Nach dem Gutachten von Prof. Dr. N. findet sich zwar eine umfangreiche wissenschaftliche Literatur, die sich mit der Frage eines Zusammenhangs zwischen einer Exposition gegenüber Lösemitteln und Sklerodermie auseinandersetzt. Gleiches gilt jedoch nicht für das Sjögren-Syndrom. Obwohl es sich um eine Autoimmunerkrankung von weitaus größerer Häufigkeit als die Sklerodermie handelt, existieren - so Prof. Dr. N. - noch nicht einmal einzelne Fallstudien zur Verursachung eines auch bei der Klägerin vorliegenden primären Sjörgen-Syndroms durch eine Exposition gegenüber organischen Lösemitteln. Auch die im Urteil des Sozialgerichts zitierte Entscheidung des Hessischen LSG vom 20. Juni 2001 (L 3 U 197/96) hat eine circumscripte Sklerodermie zum Gegenstand. Vor dem Hintergrund, dass sich die Krankheitsbilder - wie der Fall der Klägerin zeigt - klar voneinander abgrenzen lassen, ist es nicht zulässig, die Erkrankungen zu vermischen und/oder vom Diskussionsstand über einen Zusammenhang von Lösemitteln und Sklerodermie auf einen vergleichbaren Zusammenhang mit dem Sjögren-Syndrom zu schließen. Dies ist sowohl bei den Ausführungen von Dr. M. wie bei Prof. Dr. Tr. nicht mit der notwendigen Sorgfalt beachtet worden.

Die von Dr. M. vorgenommene immunologische Erklärung (Aktivierung der T-Zellen durch Halogenkohlenwasserstoffe in vitro; "Analogieschluss" auf chronische Einwirkung der Haut) ist jedenfalls nicht mehr als eine Spekulation und damit keineswegs wissenschaftlich gesichert. Hierauf hat auch Prof. Dr. N. hingewiesen.

Weiterer Ermittlungen, insbesondere die erneute Befragung von Dr. M. oder die Einholung eines weiteren Gutachtens bedarf es nicht, nachdem sich mit Prof. Dr. N. ein ausgewiesener Fachmann geäußert hat und der Sachverhalt damit geklärt ist.

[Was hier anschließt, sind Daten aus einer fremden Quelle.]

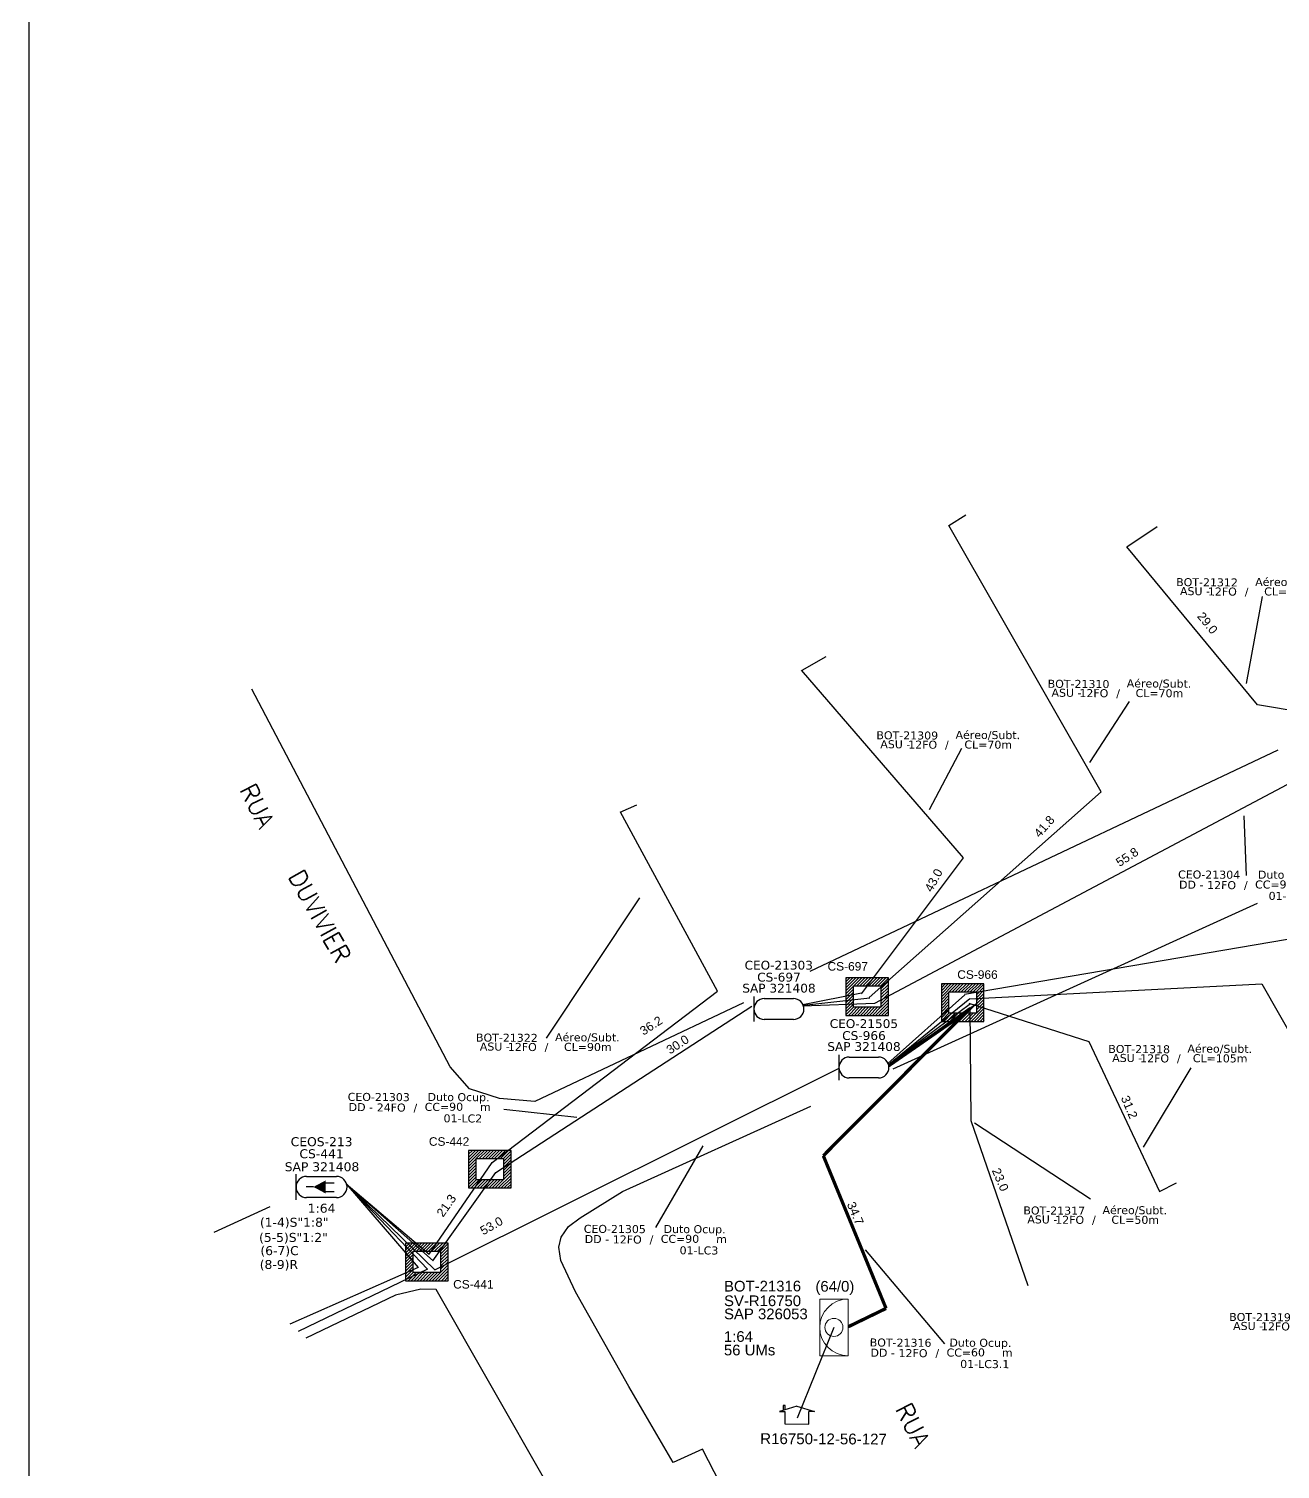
# Model space of a CAD drawing. Extents: x -89 to 749, y 705 to 1299.
# Drawn here: x -89.3 to 40.5, y 790.8 to 940.2 of the extents above; entities that cross this region are included whole.
import ezdxf
from ezdxf.enums import TextEntityAlignment as Align

# ---------------------------------------------------------------- set-up
doc = ezdxf.new("R2010")
doc.units = 0
for name, color, linetype in [('10.1-Caixas Subterrâneas', 5, 'Continuous'), ('20.4-CEOS', 1, 'Continuous'), ('20.5-CEO', 1, 'Continuous'), ('CAP a instalar', 1, 'Continuous'), ('FOLHAS', 7, 'Continuous'), ('label_cabos', 7, 'Continuous'), ('Legenda', 1, 'Continuous'), ('MUB', 252, 'Continuous'), ('Surveys Casinhas', 7, 'Continuous'), ('surveys legendas', 7, 'Continuous')]:
    doc.layers.add(name, color=color, linetype=linetype)
doc.layers.add("20.0-LEGENDA DOS CDO'S", color=1, linetype='Continuous', lineweight=0)
doc.layers.add('20.1-CDO_INTERIOR', color=1, linetype='Continuous', lineweight=0)
doc.layers.add('EXTRA', color=50, linetype='Continuous', plot=False)
doc.styles.add('ARIAL', font='arial.ttf')
doc.styles.add('ROMANS', font='romans')
doc.styles.add('siredit', font='verdana.ttf')
doc.styles.add('TELEMAR-RJ', font='arial.ttf')
doc.linetypes.add('FENCELINE1', pattern='A,0.25,-0.1,[133,ltypeshp.shx,S=0.1,R=0,X=-0.1,Y=0],-0.1,1', length=1.45)
doc.dimstyles.new('CC', dxfattribs={"dimtxt": 1, "dimasz": 2, "dimexe": 0.18, "dimexo": 0.0625, "dimgap": 0.09, "dimtad": 0, "dimdec": 0, "dimrnd": 1, "dimzin": 0, "dimdsep": 46, "dimtxsty": 'siredit', "dimblk": 'NONE', "dimcen": 0, "dimse1": 1, "dimse2": 1, "dimsd1": 1, "dimsd2": 1, "dimclrt": 7, "dimadec": 0, "dimazin": 0, "dimtfac": 1, "dimtdec": 0, "dimtofl": 0, "dimtmove": 0, "dimatfit": 3, "dimfxl": 1, "dimtolj": 1, "dimtzin": 0, "dimarcsym": 0})

# ---------------------------------------------------------------- blocks, each defined once
blk = doc.blocks.new('*X74')
at = {"color": 0, "linetype": 'Continuous'}
for p, q in [((-1.25, 0.34099), (-0.49099, 1.1)), ((-1.25, 0.517767), (-0.667767, 1.1)), ((-1.25, 0.694544), (-0.844544, 1.1)), ((-1.25, 0.87132), (-1.02132, 1.1)), ((-1.25, 1.048097), (-1.198097, 1.1)), ((-0.789214, 0.625), (-0.314214, 1.1)), ((-0.612437, 0.625), (-0.137437, 1.1)), ((-0.43566, 0.625), (0.03934, 1.1)), ((-0.258883, 0.625), (0.216117, 1.1)), ((-0.082107, 0.625), (0.392893, 1.1)), ((0.09467, 0.625), (0.56967, 1.1)), ((0.271447, 0.625), (0.746447, 1.1)), ((0.448223, 0.625), (0.923223, 1.1)), ((0.625, 0.625), (1.1, 1.1)), ((0.801777, 0.625), (1.25, 1.073223)), ((0.8035, 0.449947), (1.25, 0.896447)), ((-1.25, 0.164214), (-0.8035, 0.610714)), ((-1.25, -0.012563), (-0.8035, 0.433937)), ((-1.25, -0.18934), (-0.8035, 0.25716)), ((-1.25, -0.366117), (-0.8035, 0.080383)), ((0.8035, 0.27317), (1.25, 0.71967)), ((0.8035, 0.096393), (1.25, 0.542893)), ((0.8035, -0.080383), (1.25, 0.366117)), ((0.8035, -0.25716), (1.25, 0.18934)), ((0.8035, -0.433937), (1.25, 0.012563)), ((-1.25, -0.542893), (-0.8035, -0.096393)), ((-1.25, -0.71967), (-0.8035, -0.27317)), ((-1.25, -0.896447), (-0.8035, -0.449947)), ((-1.25, -1.073223), (-0.801777, -0.625)), ((-1.1, -1.1), (-0.625, -0.625)), ((-0.923223, -1.1), (-0.448223, -0.625)), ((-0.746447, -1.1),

Die Kostenentscheidung beruht auf § 193 SGG, wobei zugunsten der Klägerin zu berücksichtigen ist, dass die Beklagte im Rahmen des Verfahrens das Vorliegen einer BK 1302 festgestellt hat.

Die Revision ist nicht zuzulassen, weil die Voraussetzungen des § 160 Abs. 2 SGG nicht erfüllt sind.